First (as I wait for the coffee to kick in), I check my email and respond to messages from friends and family back in the US who texted me overnight. I usually try to go into the office to do this, but sometimes I work from home (we have a really cute garden!).
Once I’m more awake, I usually start my day by reading an academic paper (I have a pile on my desk that I print off/bookmark when I find them interesting). I love knowing that part of my job is learning about things simply because I find them interesting!
Then, I’ll try to dive back into the research that I’m working on – sometimes it takes a bit to remember where I left off the night before. My research involves a lot of coding in R and (for my current work) yelling at census data or asking people to give me more data.

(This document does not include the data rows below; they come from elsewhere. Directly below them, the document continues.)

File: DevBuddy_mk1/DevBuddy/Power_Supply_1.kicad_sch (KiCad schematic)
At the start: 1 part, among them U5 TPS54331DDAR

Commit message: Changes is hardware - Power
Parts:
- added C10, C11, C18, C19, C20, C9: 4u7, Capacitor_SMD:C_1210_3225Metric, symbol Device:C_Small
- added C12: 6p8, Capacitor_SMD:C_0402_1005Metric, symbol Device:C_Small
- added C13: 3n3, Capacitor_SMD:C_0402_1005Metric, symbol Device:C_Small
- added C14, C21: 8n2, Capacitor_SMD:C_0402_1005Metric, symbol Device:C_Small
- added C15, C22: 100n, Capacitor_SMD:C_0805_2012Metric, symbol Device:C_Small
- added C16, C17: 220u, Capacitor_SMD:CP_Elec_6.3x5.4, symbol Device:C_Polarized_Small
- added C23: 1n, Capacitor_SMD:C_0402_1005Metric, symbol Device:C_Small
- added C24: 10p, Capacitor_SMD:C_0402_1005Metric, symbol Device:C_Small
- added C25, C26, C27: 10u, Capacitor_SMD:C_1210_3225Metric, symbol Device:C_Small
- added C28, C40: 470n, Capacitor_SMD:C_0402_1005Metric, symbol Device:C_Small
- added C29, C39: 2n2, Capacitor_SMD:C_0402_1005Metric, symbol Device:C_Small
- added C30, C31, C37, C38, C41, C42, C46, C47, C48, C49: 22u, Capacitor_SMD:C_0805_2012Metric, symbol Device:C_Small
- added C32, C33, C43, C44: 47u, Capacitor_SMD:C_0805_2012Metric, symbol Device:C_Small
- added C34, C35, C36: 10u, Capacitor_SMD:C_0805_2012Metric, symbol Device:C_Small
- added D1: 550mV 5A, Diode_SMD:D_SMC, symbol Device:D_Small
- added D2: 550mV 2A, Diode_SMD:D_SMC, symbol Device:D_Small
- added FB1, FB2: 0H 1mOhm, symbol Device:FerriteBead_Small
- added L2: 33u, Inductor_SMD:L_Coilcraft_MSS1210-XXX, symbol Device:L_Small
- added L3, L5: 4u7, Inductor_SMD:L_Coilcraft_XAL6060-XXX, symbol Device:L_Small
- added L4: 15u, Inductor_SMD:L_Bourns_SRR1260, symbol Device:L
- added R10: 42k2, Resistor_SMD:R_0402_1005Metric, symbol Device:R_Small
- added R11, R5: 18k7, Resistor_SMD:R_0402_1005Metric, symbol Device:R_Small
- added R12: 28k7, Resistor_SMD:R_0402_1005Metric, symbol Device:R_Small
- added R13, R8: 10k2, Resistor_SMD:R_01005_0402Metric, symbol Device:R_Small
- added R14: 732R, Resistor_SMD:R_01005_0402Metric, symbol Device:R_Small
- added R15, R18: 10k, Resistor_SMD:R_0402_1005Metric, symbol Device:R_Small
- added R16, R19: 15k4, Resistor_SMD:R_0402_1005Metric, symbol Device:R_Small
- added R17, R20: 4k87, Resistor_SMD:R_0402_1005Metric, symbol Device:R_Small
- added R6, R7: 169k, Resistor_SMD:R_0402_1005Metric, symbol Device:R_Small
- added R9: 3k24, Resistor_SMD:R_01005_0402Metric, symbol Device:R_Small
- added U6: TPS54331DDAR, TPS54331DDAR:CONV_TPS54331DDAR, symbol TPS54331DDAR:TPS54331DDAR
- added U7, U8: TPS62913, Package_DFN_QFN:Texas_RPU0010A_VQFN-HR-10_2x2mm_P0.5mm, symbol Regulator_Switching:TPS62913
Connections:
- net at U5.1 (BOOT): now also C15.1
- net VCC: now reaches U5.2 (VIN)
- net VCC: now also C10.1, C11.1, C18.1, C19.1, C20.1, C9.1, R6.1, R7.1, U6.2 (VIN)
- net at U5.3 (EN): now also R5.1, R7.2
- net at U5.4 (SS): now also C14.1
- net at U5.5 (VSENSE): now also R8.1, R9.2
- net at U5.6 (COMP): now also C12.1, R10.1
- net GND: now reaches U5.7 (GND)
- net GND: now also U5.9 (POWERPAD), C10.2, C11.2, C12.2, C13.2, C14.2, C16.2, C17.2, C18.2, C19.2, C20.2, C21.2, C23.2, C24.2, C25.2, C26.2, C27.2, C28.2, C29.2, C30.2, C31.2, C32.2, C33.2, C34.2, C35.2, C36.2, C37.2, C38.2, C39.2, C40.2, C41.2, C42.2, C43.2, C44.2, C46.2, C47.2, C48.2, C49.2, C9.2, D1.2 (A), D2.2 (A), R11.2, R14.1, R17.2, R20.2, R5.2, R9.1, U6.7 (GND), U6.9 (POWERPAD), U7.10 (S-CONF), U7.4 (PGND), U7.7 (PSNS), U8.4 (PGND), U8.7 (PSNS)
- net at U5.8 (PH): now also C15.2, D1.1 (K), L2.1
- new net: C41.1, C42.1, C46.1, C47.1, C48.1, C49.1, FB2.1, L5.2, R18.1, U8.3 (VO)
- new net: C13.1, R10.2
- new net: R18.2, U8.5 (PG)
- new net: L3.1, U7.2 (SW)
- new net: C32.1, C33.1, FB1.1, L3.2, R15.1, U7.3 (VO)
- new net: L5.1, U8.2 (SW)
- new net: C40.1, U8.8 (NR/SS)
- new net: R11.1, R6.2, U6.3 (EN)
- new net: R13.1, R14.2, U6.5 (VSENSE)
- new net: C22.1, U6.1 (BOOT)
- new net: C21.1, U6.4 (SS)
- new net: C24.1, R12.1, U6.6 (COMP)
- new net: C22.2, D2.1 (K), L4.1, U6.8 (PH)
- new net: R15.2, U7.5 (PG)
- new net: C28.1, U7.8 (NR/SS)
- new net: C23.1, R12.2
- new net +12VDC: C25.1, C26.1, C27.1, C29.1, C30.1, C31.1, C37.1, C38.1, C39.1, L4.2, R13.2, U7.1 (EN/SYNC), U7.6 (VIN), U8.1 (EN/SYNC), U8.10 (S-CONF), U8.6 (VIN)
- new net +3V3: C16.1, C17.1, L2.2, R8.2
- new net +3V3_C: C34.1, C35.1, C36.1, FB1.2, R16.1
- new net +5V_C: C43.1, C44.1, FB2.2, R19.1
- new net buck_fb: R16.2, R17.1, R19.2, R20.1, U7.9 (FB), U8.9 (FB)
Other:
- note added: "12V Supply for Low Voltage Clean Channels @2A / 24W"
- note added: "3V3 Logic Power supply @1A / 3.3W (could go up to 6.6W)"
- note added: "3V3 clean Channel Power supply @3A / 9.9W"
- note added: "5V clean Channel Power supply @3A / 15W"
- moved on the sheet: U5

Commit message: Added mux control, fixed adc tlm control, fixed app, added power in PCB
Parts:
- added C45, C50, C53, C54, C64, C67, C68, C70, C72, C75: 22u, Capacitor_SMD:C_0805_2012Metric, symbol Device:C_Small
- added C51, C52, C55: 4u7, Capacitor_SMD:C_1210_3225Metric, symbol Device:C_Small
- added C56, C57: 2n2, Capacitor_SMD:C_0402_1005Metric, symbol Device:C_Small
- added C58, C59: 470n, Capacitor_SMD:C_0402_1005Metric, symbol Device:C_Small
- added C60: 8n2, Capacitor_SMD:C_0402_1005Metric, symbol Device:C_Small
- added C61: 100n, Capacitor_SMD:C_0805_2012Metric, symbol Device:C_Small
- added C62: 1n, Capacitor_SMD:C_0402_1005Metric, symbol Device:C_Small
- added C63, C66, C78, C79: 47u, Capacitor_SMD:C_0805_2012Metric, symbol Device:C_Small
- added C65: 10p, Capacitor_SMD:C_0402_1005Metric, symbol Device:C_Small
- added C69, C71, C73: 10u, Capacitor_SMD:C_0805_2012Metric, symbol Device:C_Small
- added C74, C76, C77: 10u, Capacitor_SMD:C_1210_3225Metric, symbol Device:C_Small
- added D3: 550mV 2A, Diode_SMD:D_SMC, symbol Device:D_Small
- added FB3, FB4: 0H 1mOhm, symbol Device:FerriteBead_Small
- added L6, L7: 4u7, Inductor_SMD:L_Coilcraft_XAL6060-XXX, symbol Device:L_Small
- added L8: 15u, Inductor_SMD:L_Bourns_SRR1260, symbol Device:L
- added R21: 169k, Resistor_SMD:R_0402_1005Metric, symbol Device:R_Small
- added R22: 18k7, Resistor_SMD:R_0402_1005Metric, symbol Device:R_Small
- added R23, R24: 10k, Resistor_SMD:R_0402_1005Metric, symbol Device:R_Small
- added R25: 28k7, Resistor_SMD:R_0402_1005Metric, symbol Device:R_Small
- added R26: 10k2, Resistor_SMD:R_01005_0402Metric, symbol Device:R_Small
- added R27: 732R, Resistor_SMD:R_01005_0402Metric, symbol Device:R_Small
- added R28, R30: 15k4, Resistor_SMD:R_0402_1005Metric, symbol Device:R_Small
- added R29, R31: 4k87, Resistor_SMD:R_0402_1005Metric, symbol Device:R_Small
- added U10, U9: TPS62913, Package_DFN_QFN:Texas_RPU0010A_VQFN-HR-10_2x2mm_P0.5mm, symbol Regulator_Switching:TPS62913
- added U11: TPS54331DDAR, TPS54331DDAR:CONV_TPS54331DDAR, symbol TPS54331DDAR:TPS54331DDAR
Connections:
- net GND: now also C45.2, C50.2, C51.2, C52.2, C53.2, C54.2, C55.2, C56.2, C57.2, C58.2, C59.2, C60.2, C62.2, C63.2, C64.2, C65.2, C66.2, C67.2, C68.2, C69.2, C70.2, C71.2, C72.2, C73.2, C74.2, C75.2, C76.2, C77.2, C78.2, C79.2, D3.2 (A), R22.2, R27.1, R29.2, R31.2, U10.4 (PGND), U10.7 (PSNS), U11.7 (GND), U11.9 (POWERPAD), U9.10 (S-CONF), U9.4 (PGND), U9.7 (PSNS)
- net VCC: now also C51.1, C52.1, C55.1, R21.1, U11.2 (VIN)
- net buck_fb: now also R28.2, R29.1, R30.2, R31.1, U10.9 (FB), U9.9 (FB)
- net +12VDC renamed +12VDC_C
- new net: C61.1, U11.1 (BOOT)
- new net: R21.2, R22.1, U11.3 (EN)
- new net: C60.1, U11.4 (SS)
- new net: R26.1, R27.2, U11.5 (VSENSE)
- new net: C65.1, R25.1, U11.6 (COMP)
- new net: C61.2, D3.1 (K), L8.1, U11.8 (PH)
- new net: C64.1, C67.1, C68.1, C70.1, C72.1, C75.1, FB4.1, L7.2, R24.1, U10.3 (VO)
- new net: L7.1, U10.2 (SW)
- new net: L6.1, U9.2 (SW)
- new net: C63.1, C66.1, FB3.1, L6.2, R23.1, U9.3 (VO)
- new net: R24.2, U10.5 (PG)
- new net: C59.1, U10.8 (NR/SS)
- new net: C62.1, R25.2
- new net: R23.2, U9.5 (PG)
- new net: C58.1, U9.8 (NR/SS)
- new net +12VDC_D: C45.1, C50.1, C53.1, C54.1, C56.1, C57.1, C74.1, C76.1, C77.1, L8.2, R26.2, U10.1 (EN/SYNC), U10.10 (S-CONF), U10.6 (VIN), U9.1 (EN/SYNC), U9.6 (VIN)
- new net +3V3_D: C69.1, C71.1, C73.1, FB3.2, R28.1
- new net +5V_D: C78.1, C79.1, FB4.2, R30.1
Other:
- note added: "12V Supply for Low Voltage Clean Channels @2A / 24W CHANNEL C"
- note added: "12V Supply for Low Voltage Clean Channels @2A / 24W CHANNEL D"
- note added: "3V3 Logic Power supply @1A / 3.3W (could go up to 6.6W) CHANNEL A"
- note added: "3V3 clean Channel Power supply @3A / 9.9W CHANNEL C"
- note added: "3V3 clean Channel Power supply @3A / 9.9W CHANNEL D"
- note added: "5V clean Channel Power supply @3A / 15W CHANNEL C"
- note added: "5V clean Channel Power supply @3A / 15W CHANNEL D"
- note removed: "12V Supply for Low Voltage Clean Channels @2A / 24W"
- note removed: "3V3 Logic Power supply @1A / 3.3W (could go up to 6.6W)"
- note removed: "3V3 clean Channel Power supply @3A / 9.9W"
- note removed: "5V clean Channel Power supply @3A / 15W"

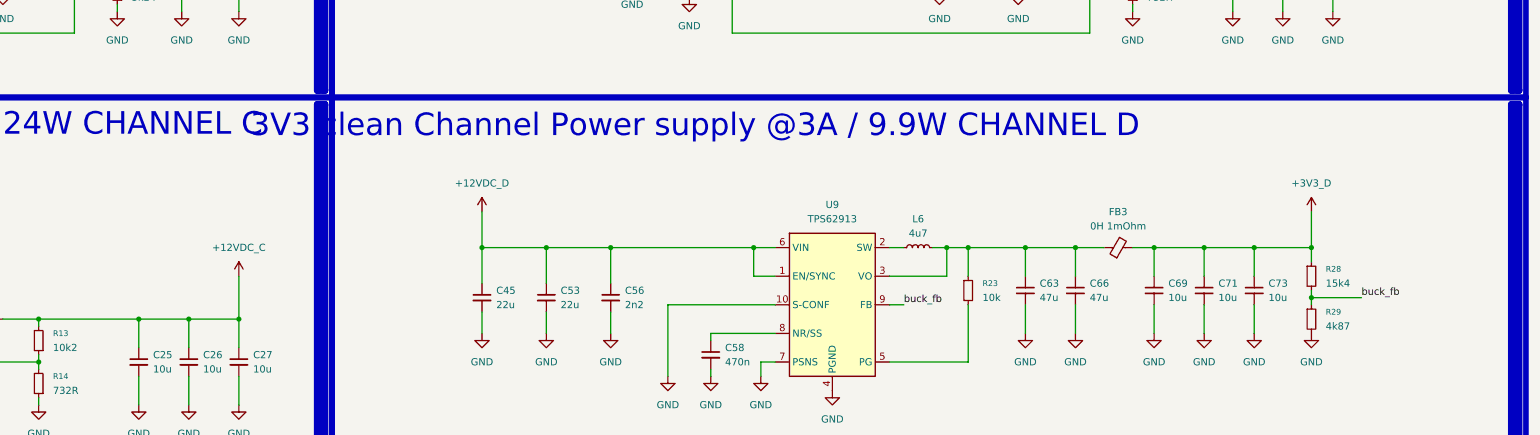
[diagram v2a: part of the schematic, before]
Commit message: Changes in Variable buck - Hardware
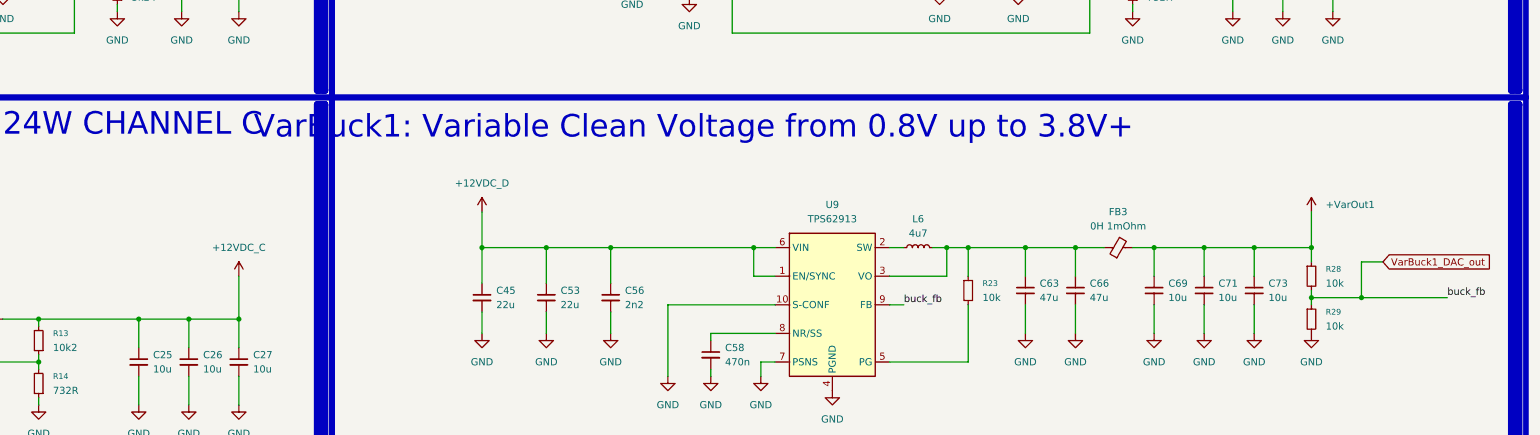
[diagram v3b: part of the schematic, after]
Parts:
- R28: value 15k4 -> 10k
- R29: value 4k87 -> 10k
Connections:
- net +3V3_D renamed +VarOut1
- net buck_fb renamed VarBuck1_DAC_out
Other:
- note added: "VarBuck1: Variable Clean Voltage from 0.8V up to 3.8V+"
- note removed: "3V3 clean Channel Power supply @3A / 9.9W CHANNEL D"
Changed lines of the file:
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@@
 		)
 	)
-	(text "3V3 clean Channel Power supply @3A / 9.9W CHANNEL D\n"
+	(text "VarBuck1: Variable Clean Voltage from 0.8V up to 3.8V+"
 		(exclude_from_sim no)
-		(at 258.826 88.9 0)
+		(at 258.572 89.154 0)
 		(effects
 			(font
@@
 	)
 	(junction
+		(at 377.19 119.38)
+		(diameter 0)
+		(color 0 0 0 0)
+	)
+	(junction
 		(at 44.45 180.34)
 		(diameter 0)
@@
 	(wire
 		(pts
+			(xy 381 113.03) (xy 377.19 113.03)
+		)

After working on that for a bit, I usually have lunch with friends in the department and then go to a seminar where I hear about what other people in the department or in my smaller research group are working on or thinking about.
Then, I go back to my desk and dive back into yelling at census data…I mean, coding in R and running simulation experiments. It helps to have an uninterrupted block of a few hours to really dig into the problem that I’m working on. I definitely occasionally lose track of time.
After that (or when I get hungry), I leave the department to go have dinner with friends, swim laps at the pool or go to another talk. I try to go to a talk about something completely unrelated to statistics 1-2 times a week, of which Oxford has A ZILLION. This week it’s Oxford’s Black History Month lecture and next week it’s a talk by the former directory of MI5!
What I'd do with the money
Approachable explanations of statistical methods applied to a wide range of applications
When I tell people I study statistics, I generally get one of two reactions:
- “Wow, that’s really cool, I love statistics”
- [the more common] “Oh, I could never do that”
The second response always makes me really sad, because I love statistics exactly because I think it’s intuitive and highly applicable to almost any other field of study. Specifically, I heard of natural language processing being used to identify the authors of the anonymous Federalist papers (analysis like this: https://blog.jonlu.ca/posts/the-federalist-papers-author-identification-through-k-means-clustering), which are important documents in US history. I realized that studying statistics would give me a set of tools to better understand other fields that I found really interesting – like history, art, language and politics.
Statistics can be highly intuitive and impactful, but is often found to be too”mathy” or esoteric. If I win the prize money, I would use it to compile videos of researchers explaining applications of statistics to a wide array of other disciplines (art! sports! food! literature!), and the math behind those applications, in really basic and approachable ways. The goal would be to convince students like you that you can use statistics to understand whatever else may interest you!
How would you describe yourself in 3 words?
adventurous, curious, foodie
What's the best thing you've done as a researcher?
Helped design and run experiments to get more people in the US enrolled in health insurance
What or who inspired you to become a researcher?
Having too many questions and not enough time in my old job to answer all of them!
What was your favourite subject at school?
math! and maybe art history
What did you want to be after you left school?
I don't think I had any idea haha
Were you ever in trouble at school?
no (really)...I liked following rules
If you weren't a researcher, what would you be?
a food blogger
Who is your favourite singer or band?
What's your favourite food?
What is the most fun thing you've done?
rode a camel through the Sahara!
If you had 3 wishes for yourself what would they be? - be honest!
unlimited travel budget (or the ability to teleport), to be able to run again, a time turner
Tell us a joke.
There are two kinds of statisticians: 1) Those who can extrapolate from incomplete data.